Jesus...you got all of it today. I, OTOH, went to lunch at Pacific Catch w/ mom and picked up a rental car. Also hit TJ's for some essential frozen treats. I am building a bike for a girl on Velocio today, but didn't get close to riding one. 

The s-tec website that dealers have access to is very thorough as nhluhr posted. They really beat us to death w/ the red pad spacer stuff. But I wouldn't expect the majority of Specialized shops in Marin to even know about s-tec, much less actually log in and pay attention to the videos.


----------



## Special Eyes (Feb 2, 2011)

OK I saw the red bleed block in that Art's Cyclery video. I built up a Vamoots DR recently with 2014 R785 disc brakes and Di2. There was a YELLOW bleed block in the brand new kit. Apparently they are the same. I was misled by mention of a red piston spacer.


----------



## cxwrench (Nov 9, 2004)

Special Eyes said:


> OK I saw the red bleed block in that Art's Cyclery video. I built up a Vamoots DR recently with 2014 R785 disc brakes and Di2. There was a YELLOW bleed block in the brand new kit. *Apparently they are the same.* I was misled by mention of a red piston spacer.

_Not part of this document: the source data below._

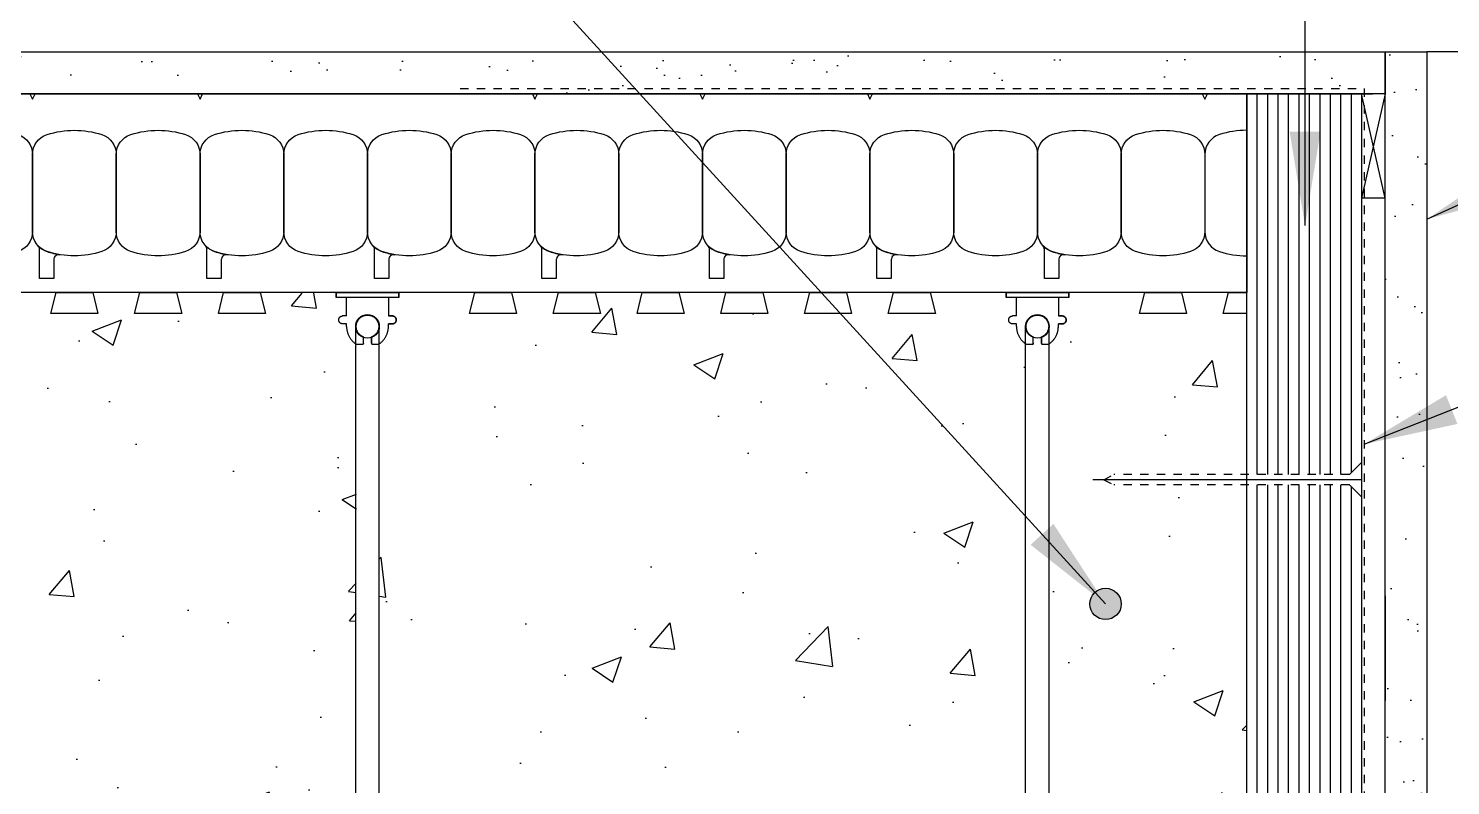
# Model space of a CAD drawing. Header units: inches. Extents: x 2950.6 to 3006.8, y 456.5 to 541.5.
# Drawn here: x 2969.17 to 2986.16, y 522.38 to 531.43 of the extents above; entities that cross this region are included whole.
import ezdxf

# ---------------------------------------------------------------- set-up
doc = ezdxf.new("R2010")
doc.units = ezdxf.units.IN
doc.header["$LTSCALE"] = 0.5
doc.header["$MEASUREMENT"] = 0
doc.linetypes.add('DASHED2', pattern=[0.375, 0.25, -0.125])
doc.linetypes.add('HIDDEN2', pattern=[0.1875, 0.125, -0.0625])
doc.layers.get('0').update_dxf_attribs({"linetype": 'CONTINUOUS'})
for name, color, linetype in [('HATCH', 12, 'CONTINUOUS'), ('LINE18', 9, 'CONTINUOUS'), ('line25', 2, 'CONTINUOUS'), ('LINE50', 5, 'CONTINUOUS'), ('LINE65', 3, 'CONTINUOUS'), ('LINE9', 9, 'CONTINUOUS'), ('TEXT', 4, 'CONTINUOUS')]:
    doc.layers.add(name, color=color, linetype=linetype)
doc.styles.add('DIM', font='romans.shx', dxfattribs={"width": 0.7})
doc.dimstyles.new('ext_12', dxfattribs={"dimscale": 12, "dimtxt": 0.09375, "dimasz": 0.09375, "dimexe": 0.09375, "dimexo": 0.0625, "dimgap": 0.0625, "dimtad": 1, "dimdec": 1, "dimzin": 3, "dimdsep": 46, "dimlunit": 4, "dimtxsty": 'DIM', "dimcen": 0.09, "dimdle": 0.09375, "dimclrt": 4, "dimadec": 0, "dimazin": 0, "dimtfac": 1, "dimtdec": 1, "dimtmove": 2, "dimatfit": 3, "dimfxl": 0, "dimfrac": 2, "dimtolj": 1, "dimtzin": 0, "dimarcsym": 0})

# ---------------------------------------------------------------- blocks, each defined once
blk = doc.blocks.new('Connector')
blk.add_point((0.271, 0))
at = {"layer": 'LINE9'}
for p, q in [((0, 0.375), (0, -0.375)), ((0.062, -0.375), (0.062, 0.375)), ((0.281, 0.25), (0.062, 0.25))]:
    blk.add_line(p, q, dxfattribs=at)
for points, weights in [([(0.007, 0.375), (0.004, 0.375), (0, 0.375)], [1, 0.972587069138, 0.950305488115]), ([(0.327, 0.343), (0.308, 0.343), (0.281, 0.317), (0.281, 0.297)], [1, 0.85355339, 0.85355339, 1]), ([(0.328, 0.343), (0.327, 0.343), (0.327, 0.343)], [1, 0.70710678, 1]), ([(0.375, 0.297), (0.375, 0.317), (0.348, 0.343), (0.329, 0.343)], [1, 0.85355339, 0.85355339, 1]), ([(0.406, 0.25), (0.546, 0.25), (0.619, 0.131)], [0.958404415409, 0.794674173519, 0.864651571113]), ([(0.619, 0.052), (0.612, 0.049), (0.604, 0.049)], [0.83615024178, 0.892081430621, 1]), ([(0.619, -0.131), (0.546, -0.25), (0.406, -0.25)], [0.864651574428, 0.794674169686, 0.958404415195]), ([(0.604, -0.049), (0.612, -0.049), (0.619, -0.052)], [1, 0.89208144177, 0.836150253337]), ([(0.281, -0.297), (0.281, -0.317), (0.308, -0.343), (0.327, -0.343)], [1, 0.85355339, 0.85355339, 1]), ([(0.327, -0.343), (0.281, -0.343), (0.281, -0.297)], [1, 0.70710678, 1]), ([(0.329, -0.343), (0.348, -0.343), (0.375, -0.317), (0.375, -0.297)], [1, 0.85355339, 0.85355339, 1]), ([(0.375, -0.297), (0.375, -0.343), (0.329, -0.343)], [1, 0.70710678, 1]), ([(0, -0.375), (0.004, -0.375), (0.007, -0.375)], [0.950305488115, 0.972587069138, 1])]:
    blk.add_rational_spline(points, weights, degree=2, dxfattribs=at)
for points, degree in [([(0, 0.375), (0.002, 0.375), (0.005, 0.375), (0.007, 0.375)], 3), ([(0.007, 0.375), (0.021, 0.375), (0.051, 0.375), (0.062, 0.375), (0.062, 0.375)], 3), ([(0.327, 0.343), (0.327, 0.343), (0.328, 0.343), (0.328, 0.343)], 3), ([(0.328, 0.343), (0.329, 0.343), (0.329, 0.343), (0.329, 0.343)], 3), ([(0.281, 0.25), (0.281, 0.297)], 1), ([(0.375, 0.25), (0.375, 0.297)], 1), ([(0.406, 0.25), (0.375, 0.25)], 1), ([(0.406, 0.25), (0.406, 0.25)], 1), ([(0.406, 0.25), (0.406, 0.25)], 1), ([(0.406, 0.25), (0.406, 0.25)], 1), ([(0.406, 0.25), (0.406, 0.25)], 1), ([(0.406, 0.25), (0.406, 0.25)], 1), ([(0.406, 0.25), (0.406, 0.25)], 1), ([(0.406, 0.25), (0.406, 0.25)], 1), ([(0.406, 0.25), (0.406, 0.25)], 1), ([(0.406, 0.25), (0.406, 0.25)], 1), ([(0.406, 0.25), (0.406, 0.25)], 1), ([(0.406, 0.25), (0.406, 0.25)], 1), ([(0.406, 0.25), (0.406, 0.25)], 1), ([(0.406, 0.25), (0.406, 0.25)], 1), ([(0.406, 0.25), (0.406, 0.25)], 1), ([(0.406, 0.25), (0.406, 0.25)], 1), ([(0.406, 0.25), (0.406, 0.25)], 1), ([(0.406, 0.25), (0.406, 0.25)], 1), ([(0.406, 0.25), (0.406, 0.25)], 1), ([(0.406, 0.25), (0.406, 0.25)], 1), ([(0.406, 0.25), (0.406, 0.25)], 1), ([(0.406, 0.25), (0.406, 0.25)], 1), ([(0.406, 0.25), (0.406, 0.25)], 1), ([(0.406, 0.25), (0.406, 0.25)], 1), ([(0.406, 0.25), (0.406, 0.25)], 1), ([(0.604, 0.049), (0.532, 0.049)], 1), ([(0.532, 0.049), (0.532, 0.049)], 1), ([(0.532, 0.049), (0.532, 0.049)], 1), ([(0.532, 0.049), (0.532, 0.049)], 1), ([(0.532, 0.049), (0.532, 0.049)], 1), ([(0.532, 0.049), (0.532, 0.049)], 1), ([(0.532, 0.049), (0.532, 0.049)], 1), ([(0.532, 0.049), (0.532, 0.049)], 1), ([(0.532, 0.049), (0.532, 0.049)], 1), ([(0.532, 0.049), (0.532, 0.049)], 1), ([(0.532, 0.049), (0.532, 0.049)], 1), ([(0.604, 0.049), (0.609, 0.049), (0.614, 0.05), (0.619, 0.052)], 3), ([(0.604, 0.049), (0.604, 0.049)], 1), ([(0.604, 0.049), (0.604, 0.049)], 1), ([(0.604, 0.049), (0.604, 0.049)], 1), ([(0.604, 0.049), (0.604, 0.049)], 1), ([(0.619, 0.131), (0.619, 0.052)], 1), ([(0.619, 0.131), (0.619, 0.131)], 1), ([(0.619, 0.131), (0.619, 0.131)], 1), ([(0.619, 0.131), (0.619, 0.131)], 1), ([(0.619, 0.131), (0.619, 0.131)], 1), ([(0.532, -0.049), (0.604, -0.049)], 1), ([(0.604, -0.049), (0.58, -0.049), (0.556, -0.049), (0.532, -0.049)], 3), ([(0.532, -0.049), (0.532, -0.049)], 1), ([(0.532, -0.049), (0.532, -0.049)], 1), ([(0.532, -0.049), (0.532, -0.049)], 1), ([(0.532, -0.049), (0.532, -0.049)], 1), ([(0.619, -0.052), (0.614, -0.05), (0.609, -0.049), (0.604, -0.049)], 3), ([(0.604, -0.049), (0.604, -0.049)], 1), ([(0.604, -0.049), (0.604, -0.049)], 1), ([(0.604, -0.049), (0.604, -0.049)], 1), ([(0.604, -0.049), (0.604, -0.049)], 1), ([(0.604, -0.049), (0.604, -0.049)], 1), ([(0.604, -0.049), (0.604, -0.049)], 1), ([(0.604, -0.049), (0.604, -0.049)], 1), ([(0.604, -0.049), (0.604, -0.049)], 1), ([(0.619, -0.052), (0.619, -0.131)], 1), ([(0.619, -0.131), (0.619, -0.131)], 1), ([(0.619, -0.131), (0.619, -0.131)], 1), ([(0.619, -0.131), (0.619, -0.131)], 1), ([(0.619, -0.131), (0.619, -0.131)], 1), ([(0.062, -0.25), (0.281, -0.25)], 1), ([(0.281, -0.297), (0.281, -0.25)], 1), ([(0.281, -0.25), (0.281, -0.297)], 1), ([(0.375, -0.25), (0.375, -0.297)], 1), ([(0.375, -0.297), (0.375, -0.25)], 1), ([(0.406, -0.25), (0.375, -0.25)], 1), ([(0.406, -0.25), (0.406, -0.25)], 1), ([(0.406, -0.25), (0.406, -0.25)], 1), ([(0.406, -0.25), (0.406, -0.25)], 1), ([(0.406, -0.25), (0.406, -0.25)], 1), ([(0.406, -0.25), (0.406, -0.25)], 1), ([(0.406, -0.25), (0.406, -0.25)], 1), ([(0.406, -0.25), (0.406, -0.25)], 1), ([(0.406, -0.25), (0.406, -0.25)], 1), ([(0.406, -0.25), (0.406, -0.25)], 1), ([(0.406, -0.25), (0.406, -0.25)], 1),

Nope. The yellow 'bleed block' is what you use when bleeding the brakes. It fills up the space between the pistons when the pads are removed. The red 'pad spacer' is what is used to set the pistons in the right place when you're done bleeding and the pads are installed. Not the same piece.


----------



## nhluhr (Sep 9, 2010)

Special Eyes said:


> OK I saw the red bleed block in that Art's Cyclery video. I built up a Vamoots DR recently with 2014 R785 disc brakes and Di2. There was a YELLOW bleed block in the brand new kit. Apparently they are the same. I was misled by mention of a red piston spacer.


The video link I posted puts you in the exact part of the video where the guys says they are two different tools.


----------



## Special Eyes (Feb 2, 2011)

nhluhr said:


> I do find it odd the dealer manual doesn't mention the red spacer in the bleed instructions but on shimano' online tech videos they offer dealers, the red pad spacer is mentioned in every single video dealing with hydraulic braked to the point where it's drilled into your head.


I guess that was the experience I was referring to, except for the video parts. It simply wasn't shown in the docs. I did not watch any videos, and nothing indicated that I had to find them independently. I thought the slim spacer was to be put in between the pads when the wheel was removed for transport in case the brake lever was pressed with no rotor in there. Made sense to me.


----------



## cxwrench (Nov 9, 2004)

Special Eyes said:


> I guess that was the experience I was referring to, except for the video parts. It simply wasn't shown in the docs. I did not watch any videos, and nothing indicated that I had to find them independently. I thought the slim spacer was to be put in between the pads when the wheel was removed for transport in case the brake lever was pressed with no rotor in there. Made sense to me.


That's what everyone thinks they're for, hell...that's what I thought they were for til a couple years ago. They come in new brakes, they come w/ new bikes...makes sense they'd be used as a 'travel spacer'. We just had the wrong meaning for 'travel'.


----------



## Special Eyes (Feb 2, 2011)

cxwrench said:


> We just had the wrong meaning for 'travel'.


Good point, CX!


----------



## warx (Aug 29, 2012)

I worked on my brakes a bit last night. It's funny as when the yellow bleed block in in the calipers the levers feel solid - mainly as the block is thicker than the pads and red spacer. I know the lever is functioning correctly and there's no air in the line. 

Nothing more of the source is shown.